GregorHeft hat gesagt.:
			
		

> Hm, also Vektorgrafik scheidet aus.


Darf man fragen warum? Die Bilder sind i.d.R. kleiner und qualitativ besser.


			
				GregorHeft hat gesagt.:
			
		

> und png. wär ne möglichkeit. kann ich das genau erzeugen wie das jpg format


ja


----------



## GregorHeft (1. Nov 2007)

Vektorgrafik scheidet aus, weil auf dem BufferedImage auch andere Bilder (jpg) sind.
Es handelt sich praktisch um eine Postkarte, wo eben jpg Bilder "draufgemalt" werden und zusätzlichen Text und grafische Objekte mit der graphics Methode darauf erzeugt werden. Und es geht nur darum, die durch die graphics Methoden gezeichneten Strings und Objekte für alle Farbhintergründe einigermaßen gleich gut aussehen zu lassen.


----------



## Wildcard (1. Nov 2007)

Postkarten werden doch normalerweise gedruckt?
Ein Drucker druckt Schrift auf andere Art und weise als ein Pixel Bild.

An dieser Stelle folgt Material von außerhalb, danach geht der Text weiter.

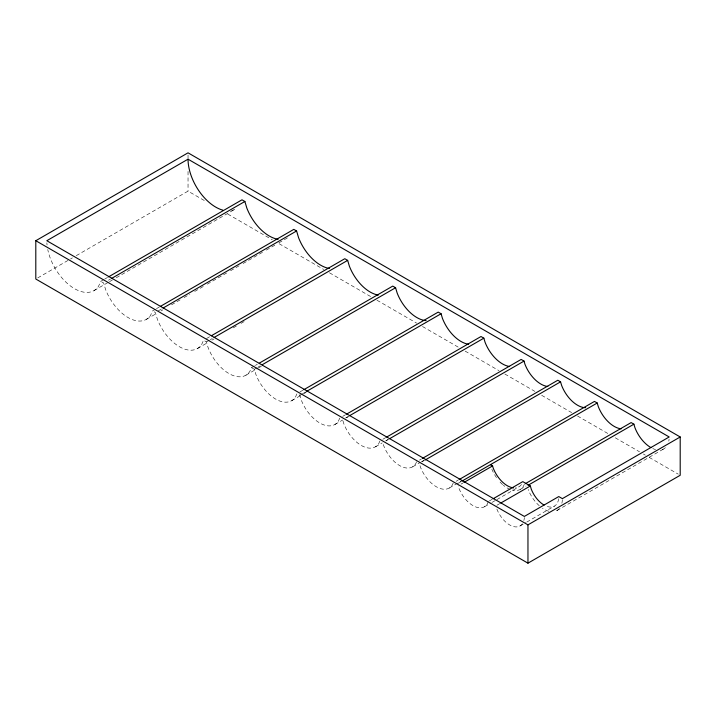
<?xml version="1.0" encoding="UTF-8"?>
<svg xmlns="http://www.w3.org/2000/svg" width="716" height="716" viewBox="0 0 716 716"><rect width="100%" height="100%" fill="white"/><g stroke="black" fill="none" stroke-linecap="round" stroke-linejoin="round"><path stroke-width="0.54" stroke-dasharray="3.58 2.69" d="M103.668 279.67L100.768 281.352L98.441 286.498A39.129 22.59 60 0 1 70.866 286.284A39.129 22.59 60 0 1 47.757 249.535M155.479 309.223L152.58 310.905L150.485 315.532A36.632 21.149 60 0 1 105.619 289.622L103.65 283.017L100.768 281.352M254.422 365.957L251.522 367.63L249.678 371.694A33.912 19.574 60 0 1 208.15 347.707L206.423 341.908L203.559 340.252L201.527 344.763A36.051 20.818 60 0 1 157.368 319.264L155.363 312.507L152.58 310.905M339.778 418.063L338.283 421.348A30.251 17.461 60 0 1 301.239 399.958L299.843 395.286L296.997 393.639L295.323 397.326A32.157 18.562 60 0 1 255.943 374.584L254.359 369.277L251.522 367.63M379.91 440.966L378.603 443.866A28.38 16.387 60 0 1 343.841 423.791L342.624 419.701M416.578 461.775L415.504 464.165A25.928 14.973 60 0 1 383.749 445.835L382.791 442.622M453.255 482.951L452.172 485.341A25.928 14.973 60 0 1 420.417 467.002L419.334 463.368M488.384 501.495L487.095 504.341A23.091 13.327 60 0 1 458.822 488.017L458.159 485.788M524.327 484.258L523.253 486.638A25.928 14.973 60 0 1 512.119 490.075M37.724 277.915L69.524 259.55M70.49 258.995L72.414 257.885M76.272 255.657L188.04 191.136L204.507 200.641M104.634 279.115L107.543 277.441M108.483 280.225L110.425 279.106M94.038 290.58L108.555 282.202M109.521 281.639L112.421 279.965M116.287 277.736L235.269 209.045A39.129 22.59 60 0 1 231.563 210.486M156.446 308.668L159.346 306.994M158.263 310.834L162.129 308.596M146.368 319.345L157.01 313.205M160.876 310.968L162.809 309.858M171.518 304.828L180.226 299.807M184.093 297.57L189.892 294.222M194.734 291.43L203.434 286.4M207.309 284.163L226.65 272.993M230.525 270.764L239.225 265.734M243.1 263.506L262.441 252.336M266.307 250.099L275.016 245.078M278.882 242.84L287.59 237.81M206.468 338.579L210.334 336.341M206.423 341.908L209.332 340.234M210.298 339.67L212.231 338.552M197.473 348.513L208.114 342.373M211.981 340.136L213.914 339.026M233.264 327.856L237.13 325.619M240.997 323.39L244.872 321.153M255.388 365.402L257.321 364.283M254.359 369.277L257.259 367.594M258.234 367.04L260.168 365.921M245.874 375.22L257.483 368.525M258.449 367.961L261.349 366.288M299.897 391.956L302.796 390.283M299.843 395.286L302.752 393.603M303.718 393.048L305.651 391.929M291.716 400.674L302.349 394.534M303.315 393.979L306.224 392.305M342.678 416.381L345.577 414.707M345.524 418.028L348.432 416.354M334.891 424.507L342.624 420.032M346.49 417.804L348.432 416.685M382.818 439.284L385.718 437.61M375.408 446.82L382.183 442.909M386.049 440.68L387.983 439.561M385.691 440.949L388.6 439.275M419.486 460.102L421.42 458.983M412.586 466.868L420.328 462.402M421.294 461.847L424.194 460.164M422.234 461.695L424.167 460.576M456.155 481.277L458.088 480.159M449.254 488.043L460.862 481.34M457.918 483.434L460.782 481.778M461.023 484.132L462.939 483.023M489.341 500.94L492.214 499.285M484.508 506.749L491.194 502.883M492.152 502.337L495.973 500.126M496.931 499.571L518.912 486.88M520.335 489.341L526.108 486.012M496.877 505.29L499.741 503.634M520.049 525.965L525.777 522.653M526.734 522.098L554.452 506.096M557.003 510.517L663.822 448.843M227.76 214.066L272.322 239.797M279.106 243.709L323.668 269.44M329.485 272.796L371.148 296.845M376.956 300.201L416.676 323.14M422.494 326.496L459.305 347.752M465.123 351.108L499.025 370.682M504.843 374.038L534.879 391.375M541.654 395.295L571.69 412.631M577.508 415.987L608.51 433.887M615.286 437.807L639.513 451.787M643.389 454.025L645.322 455.143M649.197 457.381L678.267 474.162M188.04 155.014L188.04 158.299M188.04 171.428L188.04 191.136M47.05 245.024A39.129 22.59 60 0 1 46.871 242.831M655.596 449.576A25.928 14.973 60 0 1 652.768 448.547M669.084 439.132A25.928 14.973 60 0 1 668.789 441.154M665.397 447.679A25.928 14.973 60 0 1 660.018 450.015M510.24 489.458A25.928 14.973 60 0 1 503.402 485.26M502.623 484.598A25.928 14.973 60 0 1 498.9 480.776M496.483 477.635A25.928 14.973 60 0 1 491.847 469.186M522.385 523.79A20.827 12.029 60 0 1 496.877 509.067M524.327 517.516A20.827 12.029 60 0 1 523.852 520.541M548.787 511.251A25.928 14.973 60 0 1 542.451 508.226M539.3 505.765A25.928 14.973 60 0 1 528.166 489.476M562.346 499.732A25.928 14.973 60 0 1 561.747 503.76M559.285 508.62A25.928 14.973 60 0 1 554.22 511.546M558.641 498.712A20.827 12.029 60 0 1 545.001 505.585M521.508 484.472A23.091 13.327 60 0 1 515.538 487.927"/><path stroke-width="1.07" d="M35.8 240.719L188.04 152.83L680.2 436.975L680.2 475.281L527.961 563.17L35.8 279.025L35.8 240.719L527.961 524.864L680.2 436.975M188.04 159.185L46.808 240.719L524.354 516.433L558.766 496.564L562.373 498.64L669.192 436.975L188.04 159.185A39.129 22.59 60 0 0 222.864 210.155M108.51 276.877L241.99 199.818L244.872 201.473L246.841 208.088A36.632 21.149 60 0 0 278.13 239.314M111.392 278.542L244.872 201.473M160.312 306.43L293.802 229.371L296.585 230.973L298.59 237.73A36.051 20.818 60 0 0 329.387 268.455M163.096 308.041L296.585 230.973M211.301 335.786L344.79 258.718L347.654 260.373L349.372 266.173A33.912 19.574 60 0 0 378.334 295.073M214.165 337.442L347.654 260.373M259.255 363.164L392.744 286.096L395.581 287.734L397.165 293.05A32.157 18.562 60 0 0 426.11 320.625M262.101 364.802L395.581 287.734M303.763 389.728L438.219 312.104L441.074 313.742L442.461 318.423A30.251 17.461 60 0 0 468.649 344.253M306.618 391.375L441.074 313.742M346.544 414.152L481 336.52L483.846 338.167L485.063 342.257A28.38 16.387 60 0 0 509.631 366.494M349.399 415.799L483.846 338.167M386.685 437.055L521.141 359.432L524.014 361.088L524.971 364.301A25.928 14.973 60 0 0 547.865 386.488M389.567 438.72L524.014 361.088M422.386 458.428L557.809 380.241L560.556 381.834L561.639 385.468A25.928 14.973 60 0 0 585.634 407.717M425.143 460.021L560.556 381.834M459.054 479.604L594.477 401.416L597.225 403.001L598.308 406.634A25.928 14.973 60 0 0 621.202 428.83M461.739 481.233L597.225 403.001M463.896 482.477L492.572 465.919L493.235 468.148A23.091 13.327 60 0 0 513.623 487.909M493.163 498.739L522.796 481.626L530.332 485.976L531.29 489.198A20.827 12.029 60 0 0 544.044 505.066M525.293 483.694L631.145 422.583L633.893 424.176L634.976 427.81A25.928 14.973 60 0 0 650.853 447.563M528.05 485.287L633.893 424.176M500.699 503.088L530.332 485.976M490.415 464.675L492.572 465.919M527.961 524.864L527.961 563.17"/></g></svg>

Der Drucker löst höher auf als der Bildschirm -> Das Bild von Schrift sieht gedruckt immer schlechter aus als die Schrift direkt zu drucken.
Nimmst du hingegen SVG, bleibt die Schrift was sie ist und das Hintergrund Bild wird vom SVG verlinkt.
Eigentlich genau was du brauchst.


----------



## Guest (1. Nov 2007)

hm, ok aber wie handle ich das svg format in java ??


----------



## Wildcard (1. Nov 2007)

Apache Batik ist so ziemlich die vollständigste SVG Implementierung am Markt.


----------



## GregorHeft (1. Nov 2007)

ach mist, irgendwie kling mir das nach einer riesenumstellung. ich glaube nicht, dass ich das jetzt schaffe. werds wohl eher mal mit png versuchen. wenn du die druckergebnisse dann nicht zufriedenstellend sind, muss man halt später mal gucken ob man das svg irgendwie verwenden kann.


----------



## GregorHeft (1. Nov 2007)

Also ich habe nun das Format einfach mal mit "png" ersetzt und die Qualität ist so viel besser bei unwesentlicher dateigröße. so bin ich erst mal zufrieden. danke nochmal für den tip. dachte nicht dass ich einfach nur "jpg" durch "png" ersetzen muss.


----------